Also, you cannot exceed the number of ISV zPDT licenses in your token (tokens or license server). The total number of ISV zPDT licenses applies whether the ISV zPDT CPs are in a single instance or spread over multiple instances.
Multiple instances mean running more than one copy of ISV zPDT. Each instance must run under a different Linux user ID. This task can be accomplished by logins through Telnet (or SSH) or by careful usage of su commands from different windows on the Linux desktop. Each instance must have its own device map (devmap).

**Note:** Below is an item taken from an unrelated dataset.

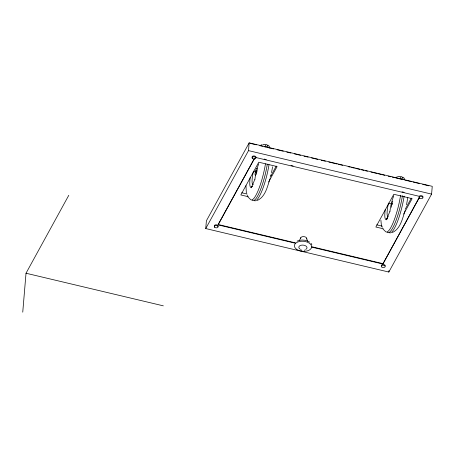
<?xml version="1.0" encoding="UTF-8"?>
<svg xmlns="http://www.w3.org/2000/svg" width="455" height="455" viewBox="0 0 455 455"><rect width="100%" height="100%" fill="white"/><g stroke="black" fill="none" stroke-linecap="round" stroke-linejoin="round"><path stroke-width="0.68" d="M245.967 185.623L246.36 193.193M22.75 312.164L26.02 273.233L68.785 195.292M205.745 228.558L206.399 220.772L249.164 142.836L432.25 186.323L431.596 194.109L388.832 272.044L205.745 228.558L248.51 150.622L249.164 142.836M311.868 247.162L382.882 264.025L419.3 197.328M388.832 272.044L388.951 270.628M407.782 197.538L406.537 204.739M271.51 172.667L272.596 166.809M270.071 178.627C267.404 186.396 265.578 196.674 257.302 200.473M405.098 210.699C402.43 218.468 400.605 228.746 392.329 232.545M254.777 179.52L251.666 187.005L252.206 186.175M389.804 211.592L386.693 219.077L387.501 217.831L386.159 219.856L387.029 219.111M299.362 240.661L300.789 237.692M254.18 158.812L218.138 224.497L295.358 242.839M254.487 158.579L218.104 224.889L295.323 243.232M270.173 177.194L276.27 166.075M268.621 182L277.095 166.558L258.787 162.207L240.826 194.945L248.282 196.714M405.2 209.266L411.297 198.147M403.648 214.072L412.122 198.63L393.814 194.279L375.853 227.017L383.309 228.785M382.882 264.025L419.265 197.72M251.132 187.784L252.138 186.266M260.328 145.446L261.989 144.673M395.355 177.518L398.819 176.438A28.585 5.818 -76.6 0 1 401.213 179.259M297.087 241.099C301.085 239.37 305.953 239.768 309.633 242.088M304.31 250.29L304.986 250.045M250.17 143.365L256.375 144.844M259.828 145.663L262.586 146.317M263.968 146.646L266.038 147.136M267.421 147.465L273.631 148.939M277.078 149.758L283.289 151.236M286.741 152.055L290.881 153.039M294.328 153.858L300.539 155.331M303.991 156.15L308.132 157.134M311.584 157.953L317.795 159.432M321.241 160.251L325.382 161.235M328.834 162.054L337.115 164.016M338.492 164.346L342.632 165.33M348.155 166.638L350.225 167.133M351.607 167.463L354.365 168.117M355.747 168.441L359.882 169.425M361.264 169.755L364.023 170.409M365.405 170.739L367.475 171.228M370.927 172.047L377.138 173.526M378.514 173.85L381.279 174.51M382.655 174.834L384.725 175.329M388.178 176.148L390.936 176.802M392.318 177.131L394.388 177.621M395.765 177.95L401.975 179.424M405.428 180.243L411.638 181.721M413.021 182.045L419.231 183.524M422.678 184.343L428.889 185.816M248.51 150.622L431.596 194.109M264.162 159.079L266.232 159.574M291.052 165.466L293.122 165.961M402.055 191.834L404.12 192.323M255.17 157.345L419.26 196.315M253.839 171.194L256.569 171.842M270.236 175.09L271.601 175.414M388.183 203.106L392.278 204.079M241.696 192.766L247.122 194.057M376.723 224.838L382.149 226.129M311.902 246.769L382.917 263.638M26.02 273.233L163.334 305.845M301.887 250.284L300.493 249.693M382.928 229.019L385.522 231.527A28.585 5.818 -76.6 0 0 400.582 195.292M311.049 243.345L311.857 244.676M247.196 195.258L247.901 196.947L250.495 199.455A28.585 5.818 -76.6 0 0 265.458 163.845M382.223 227.329L381.387 225.265L380.898 220.265M306.647 238.153L307.552 241.309M419.22 196.896A1.922 1.12 4.8 0 1 421.171 195.639A1.922 1.12 4.8 0 1 422.923 197.186M381.444 265.743A1.922 1.12 4.8 0 1 383.394 264.48A1.922 1.12 4.8 0 1 385.146 266.033M252.326 157.498A1.922 1.12 4.8 0 1 252.986 156.071A1.922 1.12 4.8 0 1 255.539 156.469A1.922 1.12 4.8 0 1 255.323 157.965M214.55 226.34A1.922 1.12 4.8 0 1 216.324 224.798A1.922 1.12 4.8 0 1 217.871 226.601M386.392 219.555A16.528 3.367 -76.6 0 1 385.277 209.311M400.645 176.62A28.83 5.869 -76.6 0 1 403.062 179.469M402.425 195.633A28.83 5.869 -76.6 0 1 387.239 232.186M402.374 177.279A28.585 5.818 -76.6 0 1 404.762 180.1M404.137 196.133A28.585 5.818 -76.6 0 1 389.076 232.374M391.476 207.281A3.606 0.734 -76.6 0 1 392.773 201.218M389.941 211.672A13.337 2.713 -76.6 0 1 393.751 195.889M392.204 204.227A1.439 0.296 -76.6 0 1 392.398 203.516M388.388 216.773A13.337 2.713 -76.6 0 1 388.485 203.294M267.347 145.208A28.585 5.818 -76.6 0 1 269.735 148.029M269.013 164.687A28.585 5.818 -76.6 0 1 254.481 200.672M265.618 144.548A28.83 5.869 -76.6 0 1 268.035 147.392M267.301 164.192A28.83 5.869 -76.6 0 1 252.212 200.115M262.91 144.838A28.585 5.818 -76.6 0 1 266.186 147.187M251.365 187.483A16.528 3.367 -76.6 0 1 250.25 177.24M253.361 184.702A13.337 2.713 -76.6 0 1 253.458 171.222M254.925 179.577A13.297 2.707 -76.6 0 1 255.511 175.243M257.092 168.543A13.297 2.707 -76.6 0 1 258.724 163.845M300.727 238.608A3.043 1.769 4.8 0 1 303.809 236.611A3.043 1.769 4.8 0 1 306.585 239.068M299.908 248.953A4.106 2.394 4.8 0 1 300.141 245.581A4.106 2.394 4.8 0 1 305.931 246.036A4.106 2.394 4.8 0 1 305.697 249.408M419.618 198.215A1.922 1.12 4.8 0 0 422.854 197.965A1.922 1.12 4.8 0 0 420.602 196.412A1.922 1.12 4.8 0 0 419.618 198.215M381.842 267.057A1.922 1.12 4.8 0 0 385.084 266.812A1.922 1.12 4.8 0 0 382.831 265.259A1.922 1.12 4.8 0 0 381.842 267.057M252.548 158.533A1.922 1.12 4.8 0 0 255.79 158.283A1.922 1.12 4.8 0 0 253.537 156.73A1.922 1.12 4.8 0 0 252.548 158.533M214.771 227.375A1.922 1.12 4.8 0 0 218.013 227.13A1.922 1.12 4.8 0 0 215.761 225.578A1.922 1.12 4.8 0 0 214.771 227.375M256.165 174.055A3.606 0.734 -76.6 0 0 257.058 168.293A3.606 0.734 -76.6 0 0 255.158 172.866A3.606 0.734 -76.6 0 0 256.165 174.055M256.142 172.667A1.439 0.296 -76.6 0 0 256.495 170.363A1.439 0.296 -76.6 0 0 255.738 172.189A1.439 0.296 -76.6 0 0 256.142 172.667M296.677 249.351A8.651 5.033 4.8 0 0 311.26 248.242A8.651 5.033 4.8 0 0 301.125 241.252A8.651 5.033 4.8 0 0 296.677 249.351"/></g></svg>

The usage of TCP/IP interfaces is an essential part of this discussion. For this reason, we combine a discussion of multiple ISV zPDT instances with the usage of guests under z/VM in a single instance. Our examples use OSA-Express Direct (OSD) (QDIO) interfaces for TCP/IP. Using OSA-Express (OSE) interfaces (non-QDIO) might not be possible because you must configure the Open Systems Adapter (OSA) Address Table (OAT) by using the Open Systems Adapter/Support Facility (OSA/SF) utility, and this utility is no longer provided with z/OS.
10.2 Multiple guests in one instance
A typical z/VM configuration is outlined in Figure 10-1. z/VM itself typically “owns” all the 3270 sessions. Guests (z/OS and Conversational Monitor System (CMS)) acquire a 3270 when a user logs on as a guest or uses a DIAL command.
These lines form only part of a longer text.